Among the records that follow, set down only the lines from the one containing "#339=EDGE_CURVE('E166',#338,#338,#336,.T.);" to the one containing "#346=DIRECTION('',(1.,0.,0.));", both included, exactly.

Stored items
____________

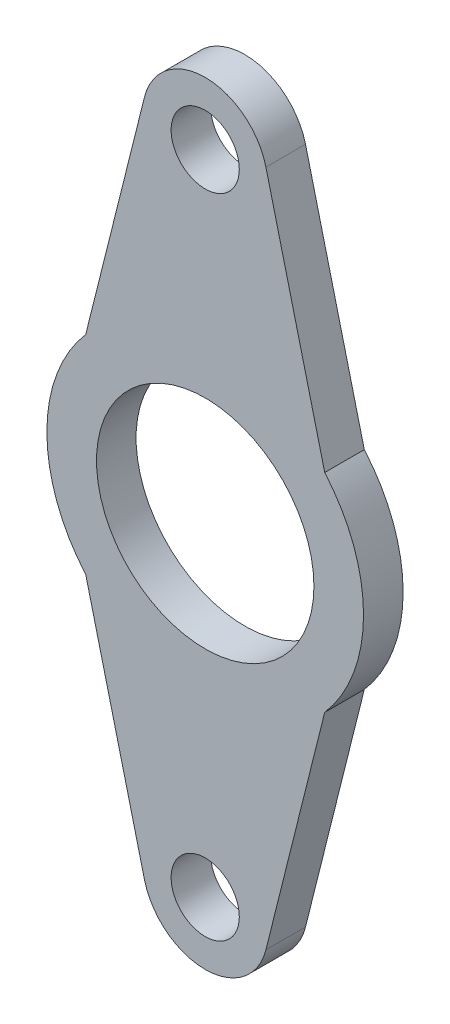
ISO-10303-21;
HEADER;
FILE_DESCRIPTION(('STEP AP214'),'2;1');
FILE_NAME('part.step','',(''),(''),'','','');
FILE_SCHEMA(('AUTOMOTIVE_DESIGN { 1 0 10303 214 1 1 1 1 }'));
ENDSEC;
DATA;
#1=APPLICATION_CONTEXT('core data for automotive mechanical design processes');
#2=APPLICATION_PROTOCOL_DEFINITION('international standard','automotive_design',2000,#1);
#3=PRODUCT_CONTEXT('',#1,'mechanical');
#4=PRODUCT('Part','Part','',(#3));
#5=PRODUCT_RELATED_PRODUCT_CATEGORY('part','',(#4));
#6=PRODUCT_DEFINITION_FORMATION('','',#4);
#7=PRODUCT_DEFINITION_CONTEXT('part definition',#1,'design');
#8=PRODUCT_DEFINITION('design','',#6,#7);
#9=PRODUCT_DEFINITION_SHAPE('','',#8);
#10=(LENGTH_UNIT() NAMED_UNIT(*) SI_UNIT(.MILLI.,.METRE.));
#11=(NAMED_UNIT(*) PLANE_ANGLE_UNIT() SI_UNIT($,.RADIAN.));
#12=(NAMED_UNIT(*) SI_UNIT($,.STERADIAN.) SOLID_ANGLE_UNIT());
#13=UNCERTAINTY_MEASURE_WITH_UNIT(LENGTH_MEASURE(1.E-05),#10,'distance_accuracy_value','');
#14=(GEOMETRIC_REPRESENTATION_CONTEXT(3) GLOBAL_UNCERTAINTY_ASSIGNED_CONTEXT((#13)) GLOBAL_UNIT_ASSIGNED_CONTEXT((#10,
#11,#12)) REPRESENTATION_CONTEXT('',''));
#15=CARTESIAN_POINT('',(0.,0.,0.));
#16=DIRECTION('',(0.,0.,1.));
#17=DIRECTION('',(1.,0.,0.));
#18=AXIS2_PLACEMENT_3D('',#15,#16,#17);
#19=CARTESIAN_POINT('',(21.9651775802428,5.49367908770032,6.35));
#20=DIRECTION('',(0.970117713261092,0.242634751049948,0.));
#21=DIRECTION('',(-0.242634751049948,0.970117713261092,0.));
#22=AXIS2_PLACEMENT_3D('',#19,#20,#21);
#23=PLANE('',#22);
#24=DIRECTION('',(0.242634751049948,-0.970117713261092,0.));
#25=VECTOR('',#24,1.);
#26=CARTESIAN_POINT('',(21.9651775802428,5.49367908770032,0.));
#27=LINE('',#26,#25);
#28=CARTESIAN_POINT('',(9.7408913265068,54.369598861778,0.));
#29=VERTEX_POINT('',#28);
#30=CARTESIAN_POINT('',(19.1721315727518,16.6610135032984,0.));
#31=VERTEX_POINT('',#30);
#32=EDGE_CURVE('E144',#29,#31,#27,.T.);
#33=ORIENTED_EDGE('',*,*,#32,.F.);
#34=DIRECTION('',(0.,0.,-1.));
#35=VECTOR('',#34,1.);
#36=CARTESIAN_POINT('',(9.7408913265068,54.369598861778,6.35));
#37=LINE('',#36,#35);
#38=CARTESIAN_POINT('',(9.7408913265068,54.369598861778,6.35));
#39=VERTEX_POINT('',#38);
#40=EDGE_CURVE('E11',#39,#29,#37,.T.);
#41=ORIENTED_EDGE('',*,*,#40,.F.);
#42=DIRECTION('',(0.242634751049948,-0.970117713261092,0.));
#43=VECTOR('',#42,1.);
#44=CARTESIAN_POINT('',(21.9651775802428,5.49367908770032,6.35));
#45=LINE('',#44,#43);
#46=CARTESIAN_POINT('',(19.1721315727518,16.6610135032984,6.35));
#47=VERTEX_POINT('',#46);
#48=EDGE_CURVE('E169',#39,#47,#45,.T.);
#49=ORIENTED_EDGE('',*,*,#48,.T.);
#50=DIRECTION('',(0.,0.,-1.));
#51=VECTOR('',#50,1.);
#52=CARTESIAN_POINT('',(19.1721315727518,16.6610135032984,6.35));
#53=LINE('',#52,#51);
#54=EDGE_CURVE('E92',#47,#31,#53,.T.);
#55=ORIENTED_EDGE('',*,*,#54,.T.);
#56=EDGE_LOOP('',(#33,#41,#49,#55));
#57=FACE_BOUND('',#56,.T.);
#58=ADVANCED_FACE('F41',(#57),#23,.T.);
#59=CARTESIAN_POINT('',(6.88062582653689E-12,51.9333184911553,6.35));
#60=DIRECTION('',(0.,0.,-1.));
#61=DIRECTION('',(-1.,0.,0.));
#62=AXIS2_PLACEMENT_3D('',#59,#60,#61);
#63=CYLINDRICAL_SURFACE('',#62,10.0409375);
#64=CARTESIAN_POINT('',(6.88062582653689E-12,51.9333184911553,0.));
#65=DIRECTION('',(0.,0.,1.));
#66=DIRECTION('',(1.,0.,0.));
#67=AXIS2_PLACEMENT_3D('',#64,#65,#66);
#68=CIRCLE('',#67,10.0409375);
#69=CARTESIAN_POINT('',(-9.74089132650032,54.3695988617763,0.));
#70=VERTEX_POINT('',#69);
#71=EDGE_CURVE('E147',#29,#70,#68,.T.);
#72=ORIENTED_EDGE('',*,*,#71,.T.);
#73=DIRECTION('',(0.,0.,-1.));
#74=VECTOR('',#73,1.);
#75=CARTESIAN_POINT('',(-9.74089132650032,54.3695988617763,6.35));
#76=LINE('',#75,#74);
#77=CARTESIAN_POINT('',(-9.74089132650032,54.3695988617763,6.35));
#78=VERTEX_POINT('',#77);
#79=EDGE_CURVE('E49',#78,#70,#76,.T.);
#80=ORIENTED_EDGE('',*,*,#79,.F.);
#81=CARTESIAN_POINT('',(6.88062582653689E-12,51.9333184911553,6.35));
#82=DIRECTION('',(0.,0.,1.));
#83=DIRECTION('',(1.,0.,0.));
#84=AXIS2_PLACEMENT_3D('',#81,#82,#83);
#85=CIRCLE('',#84,10.0409375);
#86=EDGE_CURVE('E196',#39,#78,#85,.T.);
#87=ORIENTED_EDGE('',*,*,#86,.F.);
#88=ORIENTED_EDGE('',*,*,#40,.T.);
#89=EDGE_LOOP('',(#72,#80,#87,#88));
#90=FACE_BOUND('',#89,.T.);
#91=ADVANCED_FACE('F200',(#90),#63,.T.);
#92=CARTESIAN_POINT('',(-21.9651775802428,5.49367908770032,6.35));
#93=DIRECTION('',(0.970117713261092,-0.242634751049948,0.));
#94=DIRECTION('',(0.242634751049948,0.970117713261092,0.));
#95=AXIS2_PLACEMENT_3D('',#92,#93,#94);
#96=PLANE('',#95);
#97=DIRECTION('',(-0.242634751049948,-0.970117713261092,0.));
#98=VECTOR('',#97,1.);
#99=CARTESIAN_POINT('',(-21.9651775802428,5.49367908770032,0.));
#100=LINE('',#99,#98);
#101=CARTESIAN_POINT('',(-19.1721315727518,16.6610135032984,0.));
#102=VERTEX_POINT('',#101);
#103=EDGE_CURVE('E149',#70,#102,#100,.T.);
#104=ORIENTED_EDGE('',*,*,#103,.T.);
#105=DIRECTION('',(0.,0.,-1.));
#106=VECTOR('',#105,1.);
#107=CARTESIAN_POINT('',(-19.1721315727518,16.6610135032984,6.35));
#108=LINE('',#107,#106);
#109=CARTESIAN_POINT('',(-19.1721315727518,16.6610135032984,6.35));
#110=VERTEX_POINT('',#109);
#111=EDGE_CURVE('E175',#110,#102,#108,.T.);
#112=ORIENTED_EDGE('',*,*,#111,.F.);
#113=DIRECTION('',(-0.242634751049948,-0.970117713261092,0.));
#114=VECTOR('',#113,1.);
#115=CARTESIAN_POINT('',(-21.9651775802428,5.49367908770032,6.35));
#116=LINE('',#115,#114);
#117=EDGE_CURVE('E184',#78,#110,#116,.T.);
#118=ORIENTED_EDGE('',*,*,#117,.F.);
#119=ORIENTED_EDGE('',*,*,#79,.T.);
#120=EDGE_LOOP('',(#104,#112,#118,#119));
#121=FACE_BOUND('',#120,.T.);
#122=ADVANCED_FACE('F182',(#121),#96,.F.);
#123=CARTESIAN_POINT('',(0.,0.,6.35));
#124=DIRECTION('',(0.,0.,-1.));
#125=DIRECTION('',(-1.,0.,0.));
#126=AXIS2_PLACEMENT_3D('',#123,#124,#125);
#127=CYLINDRICAL_SURFACE('',#126,25.4);
#128=CARTESIAN_POINT('',(0.,0.,0.));
#129=DIRECTION('',(0.,0.,1.));
#130=DIRECTION('',(1.,0.,0.));
#131=AXIS2_PLACEMENT_3D('',#128,#129,#130);
#132=CIRCLE('',#131,25.4);
#133=CARTESIAN_POINT('',(-19.1721315727518,-16.6610135032984,0.));
#134=VERTEX_POINT('',#133);
#135=EDGE_CURVE('E151',#102,#134,#132,.T.);
#136=ORIENTED_EDGE('',*,*,#135,.T.);
#137=DIRECTION('',(0.,0.,-1.));
#138=VECTOR('',#137,1.);
#139=CARTESIAN_POINT('',(-19.1721315727518,-16.6610135032984,6.35));
#140=LINE('',#139,#138);
#141=CARTESIAN_POINT('',(-19.1721315727518,-16.6610135032984,6.35));
#142=VERTEX_POINT('',#141);
#143=EDGE_CURVE('E173',#142,#134,#140,.T.);
#144=ORIENTED_EDGE('',*,*,#143,.F.);
#145=CARTESIAN_POINT('',(0.,0.,6.35));
#146=DIRECTION('',(0.,0.,1.));
#147=DIRECTION('',(1.,0.,0.));
#148=AXIS2_PLACEMENT_3D('',#145,#146,#147);
#149=CIRCLE('',#148,25.4);
#150=EDGE_CURVE('E133',#110,#142,#149,.T.);
#151=ORIENTED_EDGE('',*,*,#150,.F.);
#152=ORIENTED_EDGE('',*,*,#111,.T.);
#153=EDGE_LOOP('',(#136,#144,#151,#152));
#154=FACE_BOUND('',#153,.T.);
#155=ADVANCED_FACE('F194',(#154),#127,.T.);
#156=CARTESIAN_POINT('',(-21.9651775802428,-5.49367908770032,6.35));
#157=DIRECTION('',(-0.970117713261092,-0.242634751049948,0.));
#158=DIRECTION('',(0.242634751049948,-0.970117713261092,0.));
#159=AXIS2_PLACEMENT_3D('',#156,#157,#158);
#160=PLANE('',#159);
#161=DIRECTION('',(-0.242634751049948,0.970117713261092,0.));
#162=VECTOR('',#161,1.);
#163=CARTESIAN_POINT('',(-21.9651775802428,-5.49367908770032,0.));
#164=LINE('',#163,#162);
#165=CARTESIAN_POINT('',(-9.74089132650221,-54.3695988617768,0.));
#166=VERTEX_POINT('',#165);
#167=EDGE_CURVE('E154',#166,#134,#164,.T.);
#168=ORIENTED_EDGE('',*,*,#167,.F.);
#169=DIRECTION('',(0.,0.,-1.));
#170=VECTOR('',#169,1.);
#171=CARTESIAN_POINT('',(-9.74089132650221,-54.3695988617768,6.35));
#172=LINE('',#171,#170);
#173=CARTESIAN_POINT('',(-9.74089132650221,-54.3695988617768,6.35));
#174=VERTEX_POINT('',#173);
#175=EDGE_CURVE('E126',#174,#166,#172,.T.);
#176=ORIENTED_EDGE('',*,*,#175,.F.);
#177=DIRECTION('',(-0.242634751049948,0.970117713261092,0.));
#178=VECTOR('',#177,1.);
#179=CARTESIAN_POINT('',(-21.9651775802428,-5.49367908770032,6.35));
#180=LINE('',#179,#178);
#181=EDGE_CURVE('E119',#174,#142,#180,.T.);
#182=ORIENTED_EDGE('',*,*,#181,.T.);
#183=ORIENTED_EDGE('',*,*,#143,.T.);
#184=EDGE_LOOP('',(#168,#176,#182,#183));
#185=FACE_BOUND('',#184,.T.);
#186=ADVANCED_FACE('F208',(#185),#160,.T.);
#187=CARTESIAN_POINT('',(7.77431809851517E-12,-51.9333184911748,6.35));
#188=DIRECTION('',(0.,0.,-1.));
#189=DIRECTION('',(-1.,0.,0.));
#190=AXIS2_PLACEMENT_3D('',#187,#188,#189);
#191=CYLINDRICAL_SURFACE('',#190,10.0409375);
#192=CARTESIAN_POINT('',(7.77431809851517E-12,-51.9333184911748,0.));
#193=DIRECTION('',(0.,0.,1.));
#194=DIRECTION('',(1.,0.,0.));
#195=AXIS2_PLACEMENT_3D('',#192,#193,#194);
#196=CIRCLE('',#195,10.0409375);
#197=CARTESIAN_POINT('',(9.74089132650952,-54.3695988617786,0.));
#198=VERTEX_POINT('',#197);
#199=EDGE_CURVE('E125',#166,#198,#196,.T.);
#200=ORIENTED_EDGE('',*,*,#199,.T.);
#201=DIRECTION('',(0.,0.,-1.));
#202=VECTOR('',#201,1.);
#203=CARTESIAN_POINT('',(9.74089132650952,-54.3695988617786,6.35));
#204=LINE('',#203,#202);
#205=CARTESIAN_POINT('',(9.74089132650952,-54.3695988617786,6.35));
#206=VERTEX_POINT('',#205);
#207=EDGE_CURVE('E122',#206,#198,#204,.T.);
#208=ORIENTED_EDGE('',*,*,#207,.F.);
#209=CARTESIAN_POINT('',(7.77431809851517E-12,-51.9333184911748,6.35));
#210=DIRECTION('',(0.,0.,1.));
#211=DIRECTION('',(1.,0.,0.));
#212=AXIS2_PLACEMENT_3D('',#209,#210,#211);
#213=CIRCLE('',#212,10.0409375);
#214=EDGE_CURVE('E112',#174,#206,#213,.T.);
#215=ORIENTED_EDGE('',*,*,#214,.F.);
#216=ORIENTED_EDGE('',*,*,#175,.T.);
#217=EDGE_LOOP('',(#200,#208,#215,#216));
#218=FACE_BOUND('',#217,.T.);
#219=ADVANCED_FACE('F123',(#218),#191,.T.);
#220=CARTESIAN_POINT('',(21.9651775802428,-5.49367908770032,6.35));
#221=DIRECTION('',(-0.970117713261092,0.242634751049948,0.));
#222=DIRECTION('',(-0.242634751049948,-0.970117713261092,0.));
#223=AXIS2_PLACEMENT_3D('',#220,#221,#222);
#224=PLANE('',#223);
#225=DIRECTION('',(0.242634751049948,0.970117713261092,0.));
#226=VECTOR('',#225,1.);
#227=CARTESIAN_POINT('',(21.9651775802428,-5.49367908770032,0.));
#228=LINE('',#227,#226);
#229=CARTESIAN_POINT('',(19.1721315727518,-16.6610135032984,0.));
#230=VERTEX_POINT('',#229);
#231=EDGE_CURVE('E85',#198,#230,#228,.T.);
#232=ORIENTED_EDGE('',*,*,#231,.T.);
#233=DIRECTION('',(0.,0.,-1.));
#234=VECTOR('',#233,1.);
#235=CARTESIAN_POINT('',(19.1721315727518,-16.6610135032984,6.35));
#236=LINE('',#235,#234);
#237=CARTESIAN_POINT('',(19.1721315727518,-16.6610135032984,6.35));
#238=VERTEX_POINT('',#237);
#239=EDGE_CURVE('E127',#238,#230,#236,.T.);
#240=ORIENTED_EDGE('',*,*,#239,.F.);
#241=DIRECTION('',(0.242634751049948,0.970117713261092,0.));
#242=VECTOR('',#241,1.);
#243=CARTESIAN_POINT('',(21.9651775802428,-5.49367908770032,6.35));
#244=LINE('',#243,#242);
#245=EDGE_CURVE('E117',#206,#238,#244,.T.);
#246=ORIENTED_EDGE('',*,*,#245,.F.);
#247=ORIENTED_EDGE('',*,*,#207,.T.);
#248=EDGE_LOOP('',(#232,#240,#246,#247));
#249=FACE_BOUND('',#248,.T.);
#250=ADVANCED_FACE('F129',(#249),#224,.F.);
#251=CARTESIAN_POINT('',(6.88062582653689E-12,51.9333184911553,6.35));
#252=DIRECTION('',(0.,0.,-1.));
#253=DIRECTION('',(-1.,0.,0.));
#254=AXIS2_PLACEMENT_3D('',#251,#252,#253);
#255=CYLINDRICAL_SURFACE('',#254,5.4689375);
#256=CARTESIAN_POINT('',(6.88062582653689E-12,51.9333184911553,6.35));
#257=DIRECTION('',(0.,0.,1.));
#258=DIRECTION('',(1.,0.,0.));
#259=AXIS2_PLACEMENT_3D('',#256,#257,#258);
#260=CIRCLE('',#259,5.4689375);
#261=CARTESIAN_POINT('',(5.46893750000689,51.9333184911553,6.35));
#262=VERTEX_POINT('',#261);
#263=EDGE_CURVE('E138',#262,#262,#260,.T.);
#264=ORIENTED_EDGE('',*,*,#263,.T.);
#265=EDGE_LOOP('',(#264));
#266=FACE_BOUND('',#265,.T.);
#267=CARTESIAN_POINT('',(6.88062582653689E-12,51.9333184911553,0.));
#268=DIRECTION('',(0.,0.,1.));
#269=DIRECTION('',(1.,0.,0.));
#270=AXIS2_PLACEMENT_3D('',#267,#268,#269);
#271=CIRCLE('',#270,5.4689375);
#272=CARTESIAN_POINT('',(5.46893750000689,51.9333184911553,0.));
#273=VERTEX_POINT('',#272);
#274=EDGE_CURVE('E163',#273,#273,#271,.T.);
#275=ORIENTED_EDGE('',*,*,#274,.F.);
#276=EDGE_LOOP('',(#275));
#277=FACE_BOUND('',#276,.T.);
#278=ADVANCED_FACE('F216',(#266,#277),#255,.F.);
#279=CARTESIAN_POINT('',(0.,0.,6.35));
#280=DIRECTION('',(0.,0.,-1.));
#281=DIRECTION('',(-1.,0.,0.));
#282=AXIS2_PLACEMENT_3D('',#279,#280,#281);
#283=CYLINDRICAL_SURFACE('',#282,17.4419578632748);
#284=CARTESIAN_POINT('',(0.,0.,6.35));
#285=DIRECTION('',(0.,0.,1.));
#286=DIRECTION('',(1.,0.,0.));
#287=AXIS2_PLACEMENT_3D('',#284,#285,#286);
#288=CIRCLE('',#287,17.4419578632748);
#289=CARTESIAN_POINT('',(17.4419578632748,0.,6.35));
#290=VERTEX_POINT('',#289);
#291=EDGE_CURVE('E131',#290,#290,#288,.T.);
#292=ORIENTED_EDGE('',*,*,#291,.T.);
#293=EDGE_LOOP('',(#292));
#294=FACE_BOUND('',#293,.T.);
#295=CARTESIAN_POINT('',(0.,0.,0.));
#296=DIRECTION('',(0.,0.,1.));
#297=DIRECTION('',(1.,0.,0.));
#298=AXIS2_PLACEMENT_3D('',#295,#296,#297);
#299=CIRCLE('',#298,17.4419578632748);
#300=CARTESIAN_POINT('',(17.4419578632748,0.,0.));
#301=VERTEX_POINT('',#300);
#302=EDGE_CURVE('E160',#301,#301,#299,.T.);
#303=ORIENTED_EDGE('',*,*,#302,.F.);
#304=EDGE_LOOP('',(#303));
#305=FACE_BOUND('',#304,.T.);
#306=ADVANCED_FACE('F221',(#294,#305),#283,.F.);
#307=EDGE_CURVE('E155',#230,#31,#132,.T.);
#308=ORIENTED_EDGE('',*,*,#307,.T.);
#309=ORIENTED_EDGE('',*,*,#54,.F.);
#310=EDGE_CURVE('E57',#238,#47,#149,.T.);
#311=ORIENTED_EDGE('',*,*,#310,.F.);
#312=ORIENTED_EDGE('',*,*,#239,.T.);
#313=EDGE_LOOP('',(#308,#309,#311,#312));
#314=FACE_BOUND('',#313,.T.);
#315=ADVANCED_FACE('F217',(#314),#127,.T.);
#316=CARTESIAN_POINT('',(7.77431809851517E-12,-51.9333184911748,6.35));
#317=DIRECTION('',(0.,0.,-1.));
#318=DIRECTION('',(-1.,0.,0.));
#319=AXIS2_PLACEMENT_3D('',#316,#317,#318);
#320=CYLINDRICAL_SURFACE('',#319,5.4689375);
#321=CARTESIAN_POINT('',(7.77431809851517E-12,-51.9333184911748,6.35));
#322=DIRECTION('',(0.,0.,1.));
#323=DIRECTION('',(1.,0.,0.));
#324=AXIS2_PLACEMENT_3D('',#321,#322,#323);
#325=CIRCLE('',#324,5.4689375);
#326=CARTESIAN_POINT('',(5.46893750000778,-51.9333184911748,6.35));
#327=VERTEX_POINT('',#326);
#328=EDGE_CURVE('E141',#327,#327,#325,.T.);
#329=ORIENTED_EDGE('',*,*,#328,.T.);
#330=EDGE_LOOP('',(#329));
#331=FACE_BOUND('',#330,.T.);
#332=CARTESIAN_POINT('',(7.77431809851517E-12,-51.9333184911748,0.));
#333=DIRECTION('',(0.,0.,1.));
#334=DIRECTION('',(1.,0.,0.));
#335=AXIS2_PLACEMENT_3D('',#332,#333,#334);
#336=CIRCLE('',#335,5.4689375);
#337=CARTESIAN_POINT('',(5.46893750000778,-51.9333184911748,0.));
#338=VERTEX_POINT('',#337);
#339=EDGE_CURVE('E166',#338,#338,#336,.T.);
#340=ORIENTED_EDGE('',*,*,#339,.F.);
#341=EDGE_LOOP('',(#340));
#342=FACE_BOUND('',#341,.T.);
#343=ADVANCED_FACE('F220',(#331,#342),#320,.F.);
#344=CARTESIAN_POINT('',(0.,0.,6.35));
#345=DIRECTION('',(0.,0.,1.));
#346=DIRECTION('',(1.,0.,0.));
#347=AXIS2_PLACEMENT_3D('',#344,#345,#346);
#348=PLANE('',#347);
#349=ORIENTED_EDGE('',*,*,#48,.F.);
#350=ORIENTED_EDGE('',*,*,#86,.T.);
#351=ORIENTED_EDGE('',*,*,#117,.T.);
#352=ORIENTED_EDGE('',*,*,#150,.T.);
#353=ORIENTED_EDGE('',*,*,#181,.F.);
#354=ORIENTED_EDGE('',*,*,#214,.T.);
#355=ORIENTED_EDGE('',*,*,#245,.T.);
#356=ORIENTED_EDGE('',*,*,#310,.T.);
#357=EDGE_LOOP('',(#349,#350,#351,#352,#353,#354,#355,#356));
#358=FACE_BOUND('',#357,.T.);
#359=ORIENTED_EDGE('',*,*,#291,.F.);
#360=EDGE_LOOP('',(#359));
#361=FACE_BOUND('',#360,.T.);
#362=ORIENTED_EDGE('',*,*,#263,.F.);
#363=EDGE_LOOP('',(#362));
#364=FACE_BOUND('',#363,.T.);
#365=ORIENTED_EDGE('',*,*,#328,.F.);
#366=EDGE_LOOP('',(#365));
#367=FACE_BOUND('',#366,.T.);
#368=ADVANCED_FACE('F114',(#358,#361,#364,#367),#348,.T.);
#369=CARTESIAN_POINT('',(0.,0.,0.));
#370=DIRECTION('',(0.,0.,1.));
#371=DIRECTION('',(1.,0.,0.));
#372=AXIS2_PLACEMENT_3D('',#369,#370,#371);
#373=PLANE('',#372);
#374=ORIENTED_EDGE('',*,*,#32,.T.);
#375=ORIENTED_EDGE('',*,*,#307,.F.);
#376=ORIENTED_EDGE('',*,*,#231,.F.);
#377=ORIENTED_EDGE('',*,*,#199,.F.);
#378=ORIENTED_EDGE('',*,*,#167,.T.);
#379=ORIENTED_EDGE('',*,*,#135,.F.);
#380=ORIENTED_EDGE('',*,*,#103,.F.);
#381=ORIENTED_EDGE('',*,*,#71,.F.);
#382=EDGE_LOOP('',(#374,#375,#376,#377,#378,#379,#380,#381));
#383=FACE_BOUND('',#382,.T.);
#384=ORIENTED_EDGE('',*,*,#302,.T.);
#385=EDGE_LOOP('',(#384));
#386=FACE_BOUND('',#385,.T.);
#387=ORIENTED_EDGE('',*,*,#274,.T.);
#388=EDGE_LOOP('',(#387));
#389=FACE_BOUND('',#388,.T.);
#390=ORIENTED_EDGE('',*,*,#339,.T.);
#391=EDGE_LOOP('',(#390));
#392=FACE_BOUND('',#391,.T.);
#393=ADVANCED_FACE('F189',(#383,#386,#389,#392),#373,.F.);
#394=CLOSED_SHELL('',(#58,#91,#122,#155,#186,#219,#250,#278,#306,#315,#343,#368,#393));
#395=MANIFOLD_SOLID_BREP('B2',#394);
#396=ADVANCED_BREP_SHAPE_REPRESENTATION('',(#18,#395),#14);
#397=SHAPE_DEFINITION_REPRESENTATION(#9,#396);
ENDSEC;
END-ISO-10303-21;

____________

- Answer section:
#339=EDGE_CURVE('E166',#338,#338,#336,.T.);
#340=ORIENTED_EDGE('',*,*,#339,.F.);
#341=EDGE_LOOP('',(#340));
#342=FACE_BOUND('',#341,.T.);
#343=ADVANCED_FACE('F220',(#331,#342),#320,.F.);
#344=CARTESIAN_POINT('',(0.,0.,6.35));
#345=DIRECTION('',(0.,0.,1.));
#346=DIRECTION('',(1.,0.,0.));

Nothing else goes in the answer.